В августе 1921 г. Флоренский произнес проповедь в одной из московских церквей, которая была записана кем-то из слушателей. Текст позже был выверен Флоренским и озаглавлен «Об Имени Божием». В нем автор подводит теоретический итог афонским спорам и высказывает идеи, ярко характеризующие не только его филологию, но и мировоззрение в целом.
«Имя Божие есть Бог; но Бог не есть имя. Существо Божие выше энергии Его, хотя эта энергия выражает существо Имени Бога»: здесь ответ-возражение афонцам, пытавшимся заключить Бога в Его имя и несложная – паламитская метафизика Божественных имен. Для имени Бога Флоренский находит также метафизический эквивалент в Ветхом Завете: там говорится не об энергии, но о Славе Божией. «Мы склонны думать, – пишет Флоренский, – что Слава Божия – это совокупность похвал человеческих или ангельских, вообще тварных, т. е. нечто непостоянное, зыбучее. На самом деле это – сущее, реальное, даже страшное по своей реальности. Ее реальность лишь открывается людям, – Слава Божия, как облако, наполнила Святая Святых». Анализируя библейские тексты, Флоренский заключает, что «в Ветхом Завете понятие Имени Божия почти тождественно с понятием Славы Божией».
В проповеди «Об Имени Божием» речь идет в основном о том, какова онтология присутствия Божественного имени в богослужении. Имяславец-Флоренский исходит здесь из иного опыта, нежели имяславцы-монахи – из опыта священника, тогда как афонцы отправлялись от опыта индивидуальной келейной молитвы. Они (согласно их представлениям) медитировали над Именем, вживались в Имя; священник же в понимании Флоренского – не смиренный молитвенник, каким видит его православие, но, скорее, теург, умеющий обращаться с Именами, оперирующий силой Имен. Флоренский выступает как носитель нового религиозного сознания, а не как православный мыслитель, когда, по существу, приписывает Божественному имени силу магическую. Имяславцы видели в Имени фетиш, Флоренский переживает Имя, подобно Фаусту (своему прообразу), когда тот заклинает духа земли Именем Святой Троицы. «Имя само благословляет или проклинает, а мы являемся лишь орудием для его действия и той благоприятной средой, в которой оно действует»: так понимает Флоренский роль Имени и роль священника при совершении церковных таинств.

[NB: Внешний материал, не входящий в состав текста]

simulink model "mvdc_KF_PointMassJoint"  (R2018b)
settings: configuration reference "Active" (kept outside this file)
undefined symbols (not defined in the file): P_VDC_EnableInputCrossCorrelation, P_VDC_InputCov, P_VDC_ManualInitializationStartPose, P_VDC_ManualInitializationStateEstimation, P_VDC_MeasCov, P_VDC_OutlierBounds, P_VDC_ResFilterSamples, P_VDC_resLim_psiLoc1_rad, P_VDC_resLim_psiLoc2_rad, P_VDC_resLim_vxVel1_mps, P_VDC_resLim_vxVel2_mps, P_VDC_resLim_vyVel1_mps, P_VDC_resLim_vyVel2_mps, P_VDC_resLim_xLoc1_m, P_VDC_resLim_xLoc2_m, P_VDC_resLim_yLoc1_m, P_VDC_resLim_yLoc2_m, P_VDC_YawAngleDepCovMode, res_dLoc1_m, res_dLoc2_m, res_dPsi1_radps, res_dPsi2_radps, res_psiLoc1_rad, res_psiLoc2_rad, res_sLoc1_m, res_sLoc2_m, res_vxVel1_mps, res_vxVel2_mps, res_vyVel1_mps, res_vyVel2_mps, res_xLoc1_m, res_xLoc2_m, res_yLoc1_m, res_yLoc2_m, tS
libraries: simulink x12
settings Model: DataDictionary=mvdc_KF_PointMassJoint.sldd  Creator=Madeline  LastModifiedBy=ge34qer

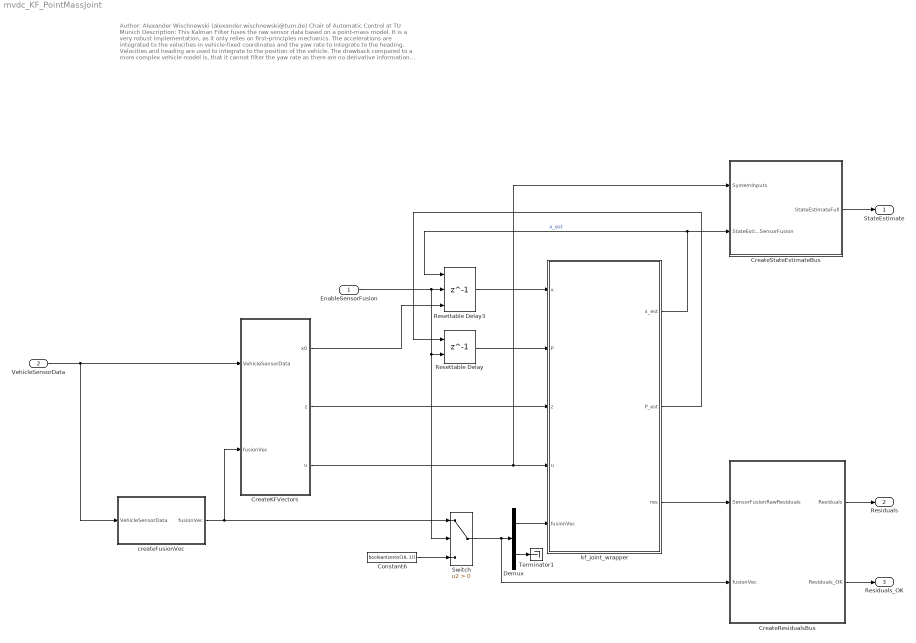
== system mvdc_KF_PointMassJoint ==
  note: Author: Alexander Wischnewski (alexander.wischnewski@tum.de)
      | Chair of Automatic Control at TU Munich
      |
      | Description: This Kalman Filter fuses the raw sensor data based on a point-mass model. It is a very robust implementation, as it only relies on first-principles mechanics. The accelerations are integrated to the velocities in vehicle-fixed coordinates and the yaw rate to integrate to the heading. Velocities and heading are used to integrate to the position of the vehicle. The drawback compared to a more complex vehicle model is, that it cannot filter the yaw rate as there are no derivative information about the yaw rate available. However, it is easy to tune and has comparable performance over the whole range of operating points.
      |
      | Inputs:
      | EnableSensorFusion Enable bit which activates the Kalman Filter
      | VehicleSensorData Raw sensor data
      |
      | Outputs:
      | StateEstimate Estimated state vector of the Kalman Filter
      | Residuals Pre-update measurement residuals of the Kalman Filter
      | Covariances Post-update Estimation Covariance Matrix of the Kalman Filter
  EnableSensorFusion : Inport  OutDataTypeStr=boolean
  VehicleSensorData : Inport  Port=2  OutDataTypeStr=Bus: VehicleSensorData
  Constant6 : Constant  Value=boolean(zeros(16, 1))
  CreateKFVectors : Subsystem
  CreateResidualsBus : Subsystem
  CreateStateEstimateBus : Subsystem
  Demux : Demux  Outputs=[10 6]
  Resettable Delay : Delay  DelayLength=1  InitialCondition=eye(5)*0.1  ExternalReset=Rising
      settings: InputPortMap=u0,r5
  Resettable Delay3 : Delay  DelayLength=1  InitialConditionSource=Input port  ExternalReset=Rising
      settings: InputPortMap=u0,r5,p4
  Switch : Switch  Criteria=u2 > Threshold
  Terminator1 : Terminator
  createFusionVec : Subsystem
  kf_joint_wrapper : MATLAB Function  TreatAsAtomicUnit=on
  "StateEstimate " : Outport  OutDataTypeStr=Bus: StateEstimation_state
  Residuals : Outport  Port=2  OutDataTypeStr=Bus: StateEstimation_residuals
  Residuals_OK : Outport  Port=3  OutDataTypeStr=boolean
  wires:
  kf_joint_wrapper/1(x_est) -> Resettable Delay3/1, CreateStateEstimateBus/2(StateEstimateSensorFusion)  "x_est"
  Resettable Delay3/1 -> kf_joint_wrapper/1(x)
  kf_joint_wrapper/2(P_est) -> Resettable Delay/1
  Resettable Delay/1 -> kf_joint_wrapper/2(P)
  CreateResidualsBus/1(Residuals) -> Residuals/1
  CreateKFVectors/1(x0) -> Resettable Delay3/3
  VehicleSensorData/1 -> createFusionVec/1(VehicleSensorData), CreateKFVectors/1(VehicleSensorData)
  CreateKFVectors/2(z) -> kf_joint_wrapper/3(z)
  CreateKFVectors/3(u) -> CreateStateEstimateBus/1(SystemInputs), kf_joint_wrapper/4(u)
  CreateStateEstimateBus/1(StateEstimateFull) -> "StateEstimate "/1
  kf_joint_wrapper/3(res) -> CreateResidualsBus/1(SensorFusionRawResiduals)
  Demux/2 -> Terminator1/1
  Demux/1 -> kf_joint_wrapper/5(fusionVec)
  Constant6/1 -> Switch/3
  EnableSensorFusion/1 -> Switch/2, Resettable Delay/2, Resettable Delay3/2
  createFusionVec/1(fusionVec) -> CreateKFVectors/2(fusionVec), Switch/1
  Switch/1 -> CreateResidualsBus/2(fusionVec), Demux/1
  CreateResidualsBus/2(Residuals_OK) -> Residuals_OK/1

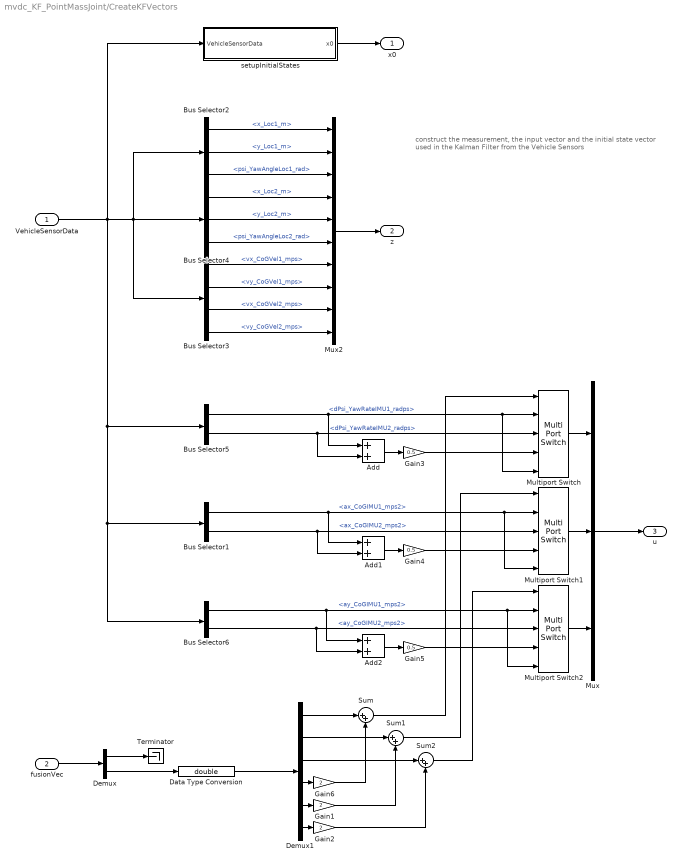
== system mvdc_KF_PointMassJoint/CreateKFVectors ==
  note: construct the measurement, the input vector and the initial state vector
      | used in the Kalman Filter from the Vehicle Sensors
  VehicleSensorData : Inport
  fusionVec : Inport  Port=2  OutDataTypeStr=boolean  PortDimensions=16
  Add : Sum
  Add1 : Sum
  Add2 : Sum
  Bus Selector1 : BusSelector  OutputSignals=ax_CoGIMU1_mps2,ax_CoGIMU2_mps2
  Bus Selector2 : BusSelector  OutputSignals=x_Loc1_m,y_Loc1_m,psi_YawAngleLoc1_rad
  Bus Selector3 : BusSelector  OutputSignals=vx_CoGVel1_mps,vy_CoGVel1_mps,vx_CoGVel2_mps,vy_CoGVel2_mps
  Bus Selector4 : BusSelector  OutputSignals=x_Loc2_m,y_Loc2_m,psi_YawAngleLoc2_rad
  Bus Selector5 : BusSelector  OutputSignals=dPsi_YawRateIMU1_radps,dPsi_YawRateIMU2_radps
  Bus Selector6 : BusSelector  OutputSignals=ay_CoGIMU1_mps2,ay_CoGIMU2_mps2
  Data Type Conversion : DataTypeConversion  OutDataTypeStr=double
  Demux : Demux  Outputs=[10 6]
  Demux1 : Demux  Outputs=6
  Gain1 : Gain  Gain=2
  Gain2 : Gain  Gain=2
  Gain3 : Gain  Gain=0.5
  Gain4 : Gain  Gain=0.5
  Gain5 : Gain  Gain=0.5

Разумеется, таких интуиций и идей в православии нет: все тайносовершительные молитвы православной литургии суть именно молитвы, прошения, но не магические заклинания. Бог совершает или не совершает таинство по Своей свободной воле: так мыслит православное сознание. Всегда ли совершается Евхаристия? Мы верим, что практически всегда, но все же малый элемент неопределенности, связанный с Божественной свободой, остается. Вся область Церкви и церковной жизни есть область веры (а не знания), с которой связаны отсутствие детерминизма и риск. В Церкви нет и не может быть гарантий, – Флоренский же настойчиво подчеркивает, что «гарантией таинств» является то, что соответствующие тексты опираются на Божественные имена. Имя Божие совершает таинства, «а мы являемся лишь посредствующей силой», утверждает Флоренский.
Флоренскому, видимо, был чужд антропоморфный момент в православном представлении о Боге и об общении с Ним (этот момент особо проакцентирован и выделен в протестантизме, но он, несомненно, есть и в православии). Тайну присутствия Бога в Церкви и тайну общения человека с Богом в Его Теле Флоренский хотел описать и осмыслить, не прибегая к антропоморфным образам диалога – обращения к Богу в молитве и ответа Бога на нее. Но кроме этих религиозных форм – молитвы, медитации, заклинания – человечество других не выработало; не признавая антропоморфной молитвы, Флоренский с неизбежностью остается при медитации (в главе «Имяславие как философская предпосылка») и заклинании («Об Имени Божием»). Текст «Об Имени Божием» кончается фразой: «Произнесение Имени Божия есть живое вхождение в Именуемого» (т. е. Бога. –
Ономатология или демонология?
Не знаю, как в западной культуре, но в культуре русской нет ничего подобного книге Флоренского «Имена». Остроумнейшая (и при этом двусмысленная) концепция человеческого имени в первой части книги дополнена уникальным анализом 18 конкретных имен во второй части (имена сгруппированы в девять пар, причем каждая пара состоит из мужского и женского имени: Александр – Александра, Алексей – Анна, Василий – София и т. д.). Необычность книги – не только в ее предмете: способ рассуждения автора балансирует на грани между рационалистической гуманитарной наукой и виртуозными полуфилософскими-полуок-культными прозрениями в существо имен. Имена у Флоренского оказываются гётевскими Urphenomena; в «Именах» (наряду с книгой «Философия культа») феноменология (гётеанизм) Флоренского достигает своей вершины.